-- Opening Marker --

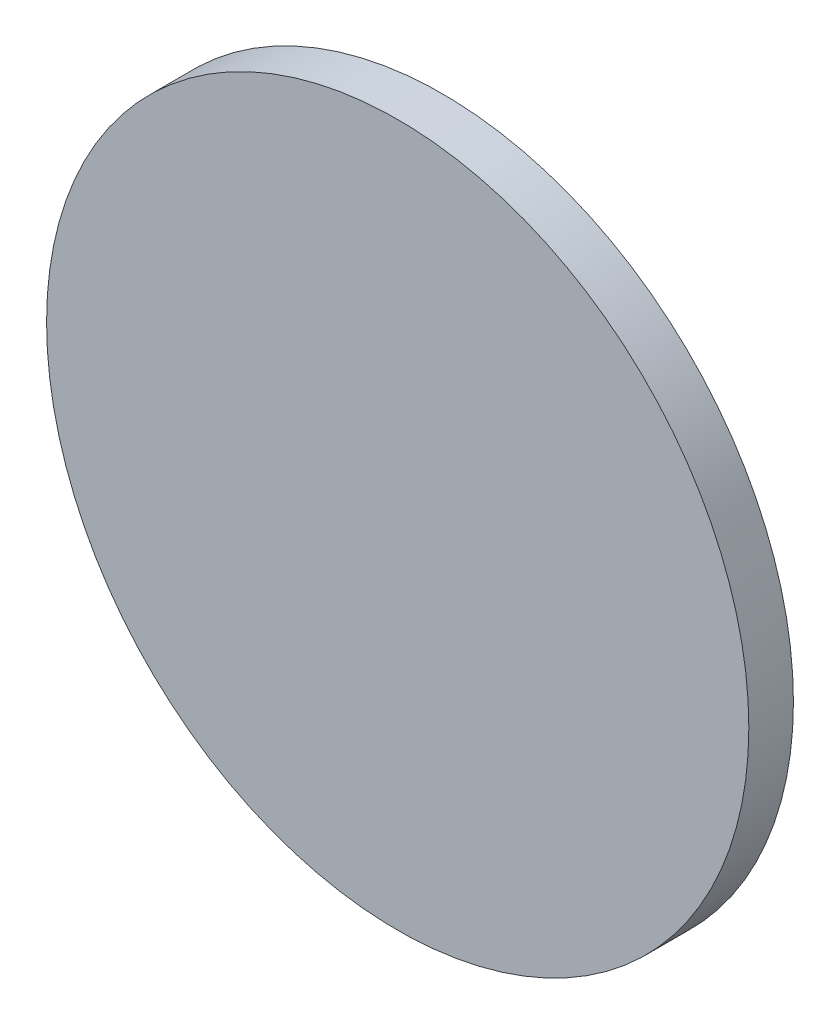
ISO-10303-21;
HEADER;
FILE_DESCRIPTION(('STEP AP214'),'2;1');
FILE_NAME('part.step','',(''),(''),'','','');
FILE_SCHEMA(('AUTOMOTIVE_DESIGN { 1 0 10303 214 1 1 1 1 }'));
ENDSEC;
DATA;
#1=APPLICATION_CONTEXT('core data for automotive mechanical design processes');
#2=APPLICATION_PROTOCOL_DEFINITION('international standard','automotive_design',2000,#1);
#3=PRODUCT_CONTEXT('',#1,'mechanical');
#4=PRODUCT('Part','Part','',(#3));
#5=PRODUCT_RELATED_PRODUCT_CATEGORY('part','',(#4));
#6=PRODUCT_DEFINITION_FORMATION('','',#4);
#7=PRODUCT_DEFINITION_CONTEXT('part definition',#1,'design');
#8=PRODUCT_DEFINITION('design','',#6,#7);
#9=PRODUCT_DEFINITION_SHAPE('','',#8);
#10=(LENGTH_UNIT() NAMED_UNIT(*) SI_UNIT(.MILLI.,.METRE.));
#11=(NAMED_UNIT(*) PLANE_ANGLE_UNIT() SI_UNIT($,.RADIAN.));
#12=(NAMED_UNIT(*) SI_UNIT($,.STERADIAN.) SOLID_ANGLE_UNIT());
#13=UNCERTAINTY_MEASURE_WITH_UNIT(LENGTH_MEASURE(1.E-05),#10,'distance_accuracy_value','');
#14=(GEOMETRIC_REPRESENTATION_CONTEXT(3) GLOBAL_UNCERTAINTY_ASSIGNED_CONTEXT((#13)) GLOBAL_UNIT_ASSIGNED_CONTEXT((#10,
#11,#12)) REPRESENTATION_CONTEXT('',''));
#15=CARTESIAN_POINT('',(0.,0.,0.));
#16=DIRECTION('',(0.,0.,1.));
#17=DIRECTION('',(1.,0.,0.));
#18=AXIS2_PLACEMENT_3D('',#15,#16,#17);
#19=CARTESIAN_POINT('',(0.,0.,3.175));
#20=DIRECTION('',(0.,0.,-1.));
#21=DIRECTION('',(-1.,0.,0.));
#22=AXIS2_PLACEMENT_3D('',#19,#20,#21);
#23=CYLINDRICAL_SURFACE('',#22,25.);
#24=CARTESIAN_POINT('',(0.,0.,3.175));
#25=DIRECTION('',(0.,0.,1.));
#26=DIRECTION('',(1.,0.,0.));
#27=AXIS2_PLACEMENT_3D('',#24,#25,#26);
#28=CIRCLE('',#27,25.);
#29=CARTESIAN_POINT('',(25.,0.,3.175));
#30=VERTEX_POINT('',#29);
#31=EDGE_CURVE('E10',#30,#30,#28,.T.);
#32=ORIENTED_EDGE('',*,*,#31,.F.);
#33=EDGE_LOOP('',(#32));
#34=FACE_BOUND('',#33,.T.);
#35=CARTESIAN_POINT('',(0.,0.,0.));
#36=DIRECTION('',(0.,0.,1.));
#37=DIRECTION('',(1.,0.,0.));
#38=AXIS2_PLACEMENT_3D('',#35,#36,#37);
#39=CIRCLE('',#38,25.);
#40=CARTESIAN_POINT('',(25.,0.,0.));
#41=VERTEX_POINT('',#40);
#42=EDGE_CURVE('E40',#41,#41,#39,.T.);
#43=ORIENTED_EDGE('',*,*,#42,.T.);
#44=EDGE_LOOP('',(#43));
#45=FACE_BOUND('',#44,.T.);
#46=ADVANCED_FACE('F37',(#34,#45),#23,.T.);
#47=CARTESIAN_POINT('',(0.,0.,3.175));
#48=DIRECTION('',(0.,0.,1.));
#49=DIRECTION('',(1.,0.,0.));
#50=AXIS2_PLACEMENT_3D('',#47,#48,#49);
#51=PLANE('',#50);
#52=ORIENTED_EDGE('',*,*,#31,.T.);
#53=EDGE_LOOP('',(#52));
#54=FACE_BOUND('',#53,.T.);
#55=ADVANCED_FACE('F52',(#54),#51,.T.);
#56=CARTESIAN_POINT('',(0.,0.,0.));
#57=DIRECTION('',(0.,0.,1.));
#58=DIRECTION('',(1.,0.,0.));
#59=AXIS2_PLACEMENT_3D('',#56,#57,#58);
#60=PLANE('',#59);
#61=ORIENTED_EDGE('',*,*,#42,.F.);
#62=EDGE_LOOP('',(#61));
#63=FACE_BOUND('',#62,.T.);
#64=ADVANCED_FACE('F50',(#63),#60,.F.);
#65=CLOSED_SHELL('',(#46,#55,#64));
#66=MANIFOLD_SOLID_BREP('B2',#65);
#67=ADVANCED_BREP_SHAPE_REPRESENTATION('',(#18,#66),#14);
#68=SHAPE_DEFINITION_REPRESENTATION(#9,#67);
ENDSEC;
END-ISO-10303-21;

-- Closing Marker --

■ WHAT IS BEING ASKED
In the records above, take every line from the opening one through the line with "#39=CIRCLE('',#38,25.);" and repeat it exactly; pictures are not part of the copy.

■ COMPLETED TASK
ISO-10303-21;
HEADER;
FILE_DESCRIPTION(('STEP AP214'),'2;1');
FILE_NAME('part.step','',(''),(''),'','','');
FILE_SCHEMA(('AUTOMOTIVE_DESIGN { 1 0 10303 214 1 1 1 1 }'));
ENDSEC;
DATA;
#1=APPLICATION_CONTEXT('core data for automotive mechanical design processes');
#2=APPLICATION_PROTOCOL_DEFINITION('international standard','automotive_design',2000,#1);
#3=PRODUCT_CONTEXT('',#1,'mechanical');
#4=PRODUCT('Part','Part','',(#3));
#5=PRODUCT_RELATED_PRODUCT_CATEGORY('part','',(#4));
#6=PRODUCT_DEFINITION_FORMATION('','',#4);
#7=PRODUCT_DEFINITION_CONTEXT('part definition',#1,'design');
#8=PRODUCT_DEFINITION('design','',#6,#7);
#9=PRODUCT_DEFINITION_SHAPE('','',#8);
#10=(LENGTH_UNIT() NAMED_UNIT(*) SI_UNIT(.MILLI.,.METRE.));
#11=(NAMED_UNIT(*) PLANE_ANGLE_UNIT() SI_UNIT($,.RADIAN.));
#12=(NAMED_UNIT(*) SI_UNIT($,.STERADIAN.) SOLID_ANGLE_UNIT());
#13=UNCERTAINTY_MEASURE_WITH_UNIT(LENGTH_MEASURE(1.E-05),#10,'distance_accuracy_value','');
#14=(GEOMETRIC_REPRESENTATION_CONTEXT(3) GLOBAL_UNCERTAINTY_ASSIGNED_CONTEXT((#13)) GLOBAL_UNIT_ASSIGNED_CONTEXT((#10,
#11,#12)) REPRESENTATION_CONTEXT('',''));
#15=CARTESIAN_POINT('',(0.,0.,0.));
#16=DIRECTION('',(0.,0.,1.));
#17=DIRECTION('',(1.,0.,0.));
#18=AXIS2_PLACEMENT_3D('',#15,#16,#17);
#19=CARTESIAN_POINT('',(0.,0.,3.175));
#20=DIRECTION('',(0.,0.,-1.));
#21=DIRECTION('',(-1.,0.,0.));
#22=AXIS2_PLACEMENT_3D('',#19,#20,#21);
#23=CYLINDRICAL_SURFACE('',#22,25.);
#24=CARTESIAN_POINT('',(0.,0.,3.175));
#25=DIRECTION('',(0.,0.,1.));
#26=DIRECTION('',(1.,0.,0.));
#27=AXIS2_PLACEMENT_3D('',#24,#25,#26);
#28=CIRCLE('',#27,25.);
#29=CARTESIAN_POINT('',(25.,0.,3.175));
#30=VERTEX_POINT('',#29);
#31=EDGE_CURVE('E10',#30,#30,#28,.T.);
#32=ORIENTED_EDGE('',*,*,#31,.F.);
#33=EDGE_LOOP('',(#32));
#34=FACE_BOUND('',#33,.T.);
#35=CARTESIAN_POINT('',(0.,0.,0.));
#36=DIRECTION('',(0.,0.,1.));
#37=DIRECTION('',(1.,0.,0.));
#38=AXIS2_PLACEMENT_3D('',#35,#36,#37);
#39=CIRCLE('',#38,25.);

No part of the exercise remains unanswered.